### INPUT MATERIAL ###

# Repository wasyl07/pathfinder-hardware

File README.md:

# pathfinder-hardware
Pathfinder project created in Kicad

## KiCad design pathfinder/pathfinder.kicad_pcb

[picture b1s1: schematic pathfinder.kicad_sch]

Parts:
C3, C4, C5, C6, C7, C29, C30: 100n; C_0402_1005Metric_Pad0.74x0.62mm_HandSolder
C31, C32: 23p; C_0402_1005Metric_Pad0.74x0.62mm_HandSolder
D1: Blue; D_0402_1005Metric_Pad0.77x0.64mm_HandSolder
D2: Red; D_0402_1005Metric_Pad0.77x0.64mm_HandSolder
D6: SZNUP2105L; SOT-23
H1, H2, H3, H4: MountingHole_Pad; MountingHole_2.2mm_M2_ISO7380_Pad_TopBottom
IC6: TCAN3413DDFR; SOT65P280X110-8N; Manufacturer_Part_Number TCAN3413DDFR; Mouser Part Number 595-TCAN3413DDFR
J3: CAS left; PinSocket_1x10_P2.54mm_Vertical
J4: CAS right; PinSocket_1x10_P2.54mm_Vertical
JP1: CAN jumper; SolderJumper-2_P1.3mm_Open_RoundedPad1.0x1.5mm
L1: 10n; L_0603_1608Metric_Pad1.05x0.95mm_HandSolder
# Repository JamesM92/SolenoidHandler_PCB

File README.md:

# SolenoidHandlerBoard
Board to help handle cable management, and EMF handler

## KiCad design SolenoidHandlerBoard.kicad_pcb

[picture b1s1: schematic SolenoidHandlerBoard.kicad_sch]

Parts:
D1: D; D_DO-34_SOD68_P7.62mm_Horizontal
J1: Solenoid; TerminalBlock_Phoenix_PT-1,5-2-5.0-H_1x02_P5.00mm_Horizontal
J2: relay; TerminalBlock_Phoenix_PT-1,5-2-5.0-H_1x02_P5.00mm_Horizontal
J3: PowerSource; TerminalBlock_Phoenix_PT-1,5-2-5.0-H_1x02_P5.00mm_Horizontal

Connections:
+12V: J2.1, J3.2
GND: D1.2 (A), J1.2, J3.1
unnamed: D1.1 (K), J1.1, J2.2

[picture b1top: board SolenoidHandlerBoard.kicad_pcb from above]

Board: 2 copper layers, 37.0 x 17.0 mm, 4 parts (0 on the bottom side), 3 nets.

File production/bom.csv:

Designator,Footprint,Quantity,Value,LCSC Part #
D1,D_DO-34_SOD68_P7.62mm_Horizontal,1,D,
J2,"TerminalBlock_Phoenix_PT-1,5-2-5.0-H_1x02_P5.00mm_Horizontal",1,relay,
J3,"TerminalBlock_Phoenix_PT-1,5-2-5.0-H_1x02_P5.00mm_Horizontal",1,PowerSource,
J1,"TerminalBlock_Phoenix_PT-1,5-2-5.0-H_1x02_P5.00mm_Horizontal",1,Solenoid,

###

A single number is expected: how many lines in the material above contain the word "picture".

3